(Collected data entries)
*** Block opens ***

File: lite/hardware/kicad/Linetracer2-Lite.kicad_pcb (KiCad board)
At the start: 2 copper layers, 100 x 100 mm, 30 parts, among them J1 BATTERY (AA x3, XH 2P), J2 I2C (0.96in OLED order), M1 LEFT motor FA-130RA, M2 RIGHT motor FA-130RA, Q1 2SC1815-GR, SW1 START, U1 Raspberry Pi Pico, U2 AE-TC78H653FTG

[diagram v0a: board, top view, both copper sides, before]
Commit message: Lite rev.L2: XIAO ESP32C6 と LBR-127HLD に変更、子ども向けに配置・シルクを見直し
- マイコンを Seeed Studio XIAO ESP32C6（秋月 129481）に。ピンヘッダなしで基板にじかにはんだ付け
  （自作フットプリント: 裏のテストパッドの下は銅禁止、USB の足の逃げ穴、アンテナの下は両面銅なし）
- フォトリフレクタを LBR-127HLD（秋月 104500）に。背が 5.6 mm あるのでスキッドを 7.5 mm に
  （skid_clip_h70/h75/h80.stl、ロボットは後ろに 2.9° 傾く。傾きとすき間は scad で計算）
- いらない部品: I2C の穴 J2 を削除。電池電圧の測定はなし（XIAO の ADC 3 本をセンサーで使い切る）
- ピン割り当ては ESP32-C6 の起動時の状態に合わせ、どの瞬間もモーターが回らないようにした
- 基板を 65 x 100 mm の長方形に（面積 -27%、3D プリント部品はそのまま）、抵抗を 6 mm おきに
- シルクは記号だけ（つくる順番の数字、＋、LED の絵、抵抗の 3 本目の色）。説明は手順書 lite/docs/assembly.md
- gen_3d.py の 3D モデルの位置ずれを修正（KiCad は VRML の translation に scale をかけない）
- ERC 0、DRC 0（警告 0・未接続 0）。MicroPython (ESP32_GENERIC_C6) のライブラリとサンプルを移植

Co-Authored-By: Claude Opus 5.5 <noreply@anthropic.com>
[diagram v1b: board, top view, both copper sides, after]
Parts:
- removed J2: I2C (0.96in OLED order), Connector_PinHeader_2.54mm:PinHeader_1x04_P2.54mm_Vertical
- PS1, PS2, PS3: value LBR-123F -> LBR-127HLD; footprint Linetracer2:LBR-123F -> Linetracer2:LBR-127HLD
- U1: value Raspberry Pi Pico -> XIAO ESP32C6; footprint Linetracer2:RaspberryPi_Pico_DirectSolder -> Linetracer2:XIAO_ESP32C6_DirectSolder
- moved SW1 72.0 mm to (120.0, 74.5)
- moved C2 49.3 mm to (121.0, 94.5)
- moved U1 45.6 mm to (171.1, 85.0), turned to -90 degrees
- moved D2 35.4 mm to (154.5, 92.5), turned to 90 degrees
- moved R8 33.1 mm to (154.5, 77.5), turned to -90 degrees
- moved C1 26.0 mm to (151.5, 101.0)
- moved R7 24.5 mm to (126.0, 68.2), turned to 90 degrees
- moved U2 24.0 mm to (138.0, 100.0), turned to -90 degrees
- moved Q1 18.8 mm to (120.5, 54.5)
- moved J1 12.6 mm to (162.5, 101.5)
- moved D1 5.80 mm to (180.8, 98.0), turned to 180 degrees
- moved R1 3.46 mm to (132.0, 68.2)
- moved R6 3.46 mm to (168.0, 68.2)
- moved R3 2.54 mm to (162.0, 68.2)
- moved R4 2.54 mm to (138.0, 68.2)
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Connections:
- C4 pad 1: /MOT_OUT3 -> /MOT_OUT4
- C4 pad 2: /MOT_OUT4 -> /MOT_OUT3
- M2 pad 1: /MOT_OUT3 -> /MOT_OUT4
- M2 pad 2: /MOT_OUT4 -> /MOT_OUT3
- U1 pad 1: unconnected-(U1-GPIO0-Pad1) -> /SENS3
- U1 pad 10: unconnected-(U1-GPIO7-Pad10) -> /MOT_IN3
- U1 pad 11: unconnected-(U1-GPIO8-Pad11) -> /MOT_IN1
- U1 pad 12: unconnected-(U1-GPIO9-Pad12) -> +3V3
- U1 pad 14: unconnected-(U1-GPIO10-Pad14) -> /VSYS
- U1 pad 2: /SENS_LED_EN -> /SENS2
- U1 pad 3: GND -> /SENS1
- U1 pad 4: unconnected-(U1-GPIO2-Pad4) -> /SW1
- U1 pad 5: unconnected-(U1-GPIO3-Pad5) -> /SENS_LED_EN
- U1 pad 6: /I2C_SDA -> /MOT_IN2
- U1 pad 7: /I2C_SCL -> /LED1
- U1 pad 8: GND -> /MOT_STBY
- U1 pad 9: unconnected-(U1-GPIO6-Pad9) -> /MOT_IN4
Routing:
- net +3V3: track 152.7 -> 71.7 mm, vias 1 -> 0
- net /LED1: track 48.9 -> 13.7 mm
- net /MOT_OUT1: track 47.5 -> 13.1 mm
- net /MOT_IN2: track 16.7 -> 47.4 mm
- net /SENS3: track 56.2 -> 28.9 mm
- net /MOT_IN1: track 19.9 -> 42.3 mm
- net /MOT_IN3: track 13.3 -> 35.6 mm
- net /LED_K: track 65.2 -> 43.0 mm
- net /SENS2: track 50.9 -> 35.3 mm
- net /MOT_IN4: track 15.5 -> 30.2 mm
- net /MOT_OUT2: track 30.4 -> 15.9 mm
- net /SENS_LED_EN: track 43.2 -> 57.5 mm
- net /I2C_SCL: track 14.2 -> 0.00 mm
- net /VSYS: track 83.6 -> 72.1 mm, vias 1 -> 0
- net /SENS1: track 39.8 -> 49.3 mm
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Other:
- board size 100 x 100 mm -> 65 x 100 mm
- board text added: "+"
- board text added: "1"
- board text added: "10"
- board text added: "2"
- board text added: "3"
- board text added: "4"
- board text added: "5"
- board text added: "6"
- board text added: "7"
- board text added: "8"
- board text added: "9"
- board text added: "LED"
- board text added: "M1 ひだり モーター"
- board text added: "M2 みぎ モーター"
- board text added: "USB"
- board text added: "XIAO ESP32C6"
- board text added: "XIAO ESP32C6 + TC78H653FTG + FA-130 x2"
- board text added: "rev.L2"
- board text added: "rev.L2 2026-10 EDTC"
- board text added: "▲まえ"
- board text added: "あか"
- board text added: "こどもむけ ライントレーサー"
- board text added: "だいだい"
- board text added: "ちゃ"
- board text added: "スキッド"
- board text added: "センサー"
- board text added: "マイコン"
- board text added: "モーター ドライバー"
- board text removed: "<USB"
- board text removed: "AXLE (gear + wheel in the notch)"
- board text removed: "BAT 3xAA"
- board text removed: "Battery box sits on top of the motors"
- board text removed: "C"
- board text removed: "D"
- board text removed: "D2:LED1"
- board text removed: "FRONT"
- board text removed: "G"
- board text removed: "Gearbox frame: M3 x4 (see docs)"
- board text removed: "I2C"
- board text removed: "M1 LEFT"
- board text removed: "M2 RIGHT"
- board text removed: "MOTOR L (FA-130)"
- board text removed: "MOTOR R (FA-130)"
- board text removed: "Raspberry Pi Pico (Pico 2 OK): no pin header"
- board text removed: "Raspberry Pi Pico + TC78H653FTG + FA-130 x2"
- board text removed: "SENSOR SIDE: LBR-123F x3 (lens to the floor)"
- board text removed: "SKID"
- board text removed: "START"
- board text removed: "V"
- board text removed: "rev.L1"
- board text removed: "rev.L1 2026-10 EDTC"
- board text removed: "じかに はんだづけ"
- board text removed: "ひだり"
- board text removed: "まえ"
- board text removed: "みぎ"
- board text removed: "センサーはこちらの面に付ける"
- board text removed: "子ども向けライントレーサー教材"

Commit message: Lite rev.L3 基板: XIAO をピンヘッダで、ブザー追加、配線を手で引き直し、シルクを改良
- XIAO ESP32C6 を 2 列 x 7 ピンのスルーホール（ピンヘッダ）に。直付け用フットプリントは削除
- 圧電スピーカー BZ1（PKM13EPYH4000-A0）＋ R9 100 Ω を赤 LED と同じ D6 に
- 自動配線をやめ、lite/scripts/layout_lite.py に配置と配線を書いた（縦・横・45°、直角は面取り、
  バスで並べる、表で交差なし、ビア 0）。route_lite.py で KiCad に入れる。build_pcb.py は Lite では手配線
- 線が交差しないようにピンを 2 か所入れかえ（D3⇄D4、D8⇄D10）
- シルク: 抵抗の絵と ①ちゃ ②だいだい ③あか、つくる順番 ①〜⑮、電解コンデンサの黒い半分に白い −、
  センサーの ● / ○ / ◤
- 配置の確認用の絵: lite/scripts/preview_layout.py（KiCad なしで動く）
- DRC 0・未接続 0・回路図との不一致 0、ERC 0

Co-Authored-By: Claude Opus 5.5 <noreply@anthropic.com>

*** Block closes ***

• **Assigned task**: Pick out all lines from the data above in which the word "both" appears.

• **Solution to this problem**:
[diagram v0a: board, top view, both copper sides, before]
[diagram v1b: board, top view, both copper sides, after]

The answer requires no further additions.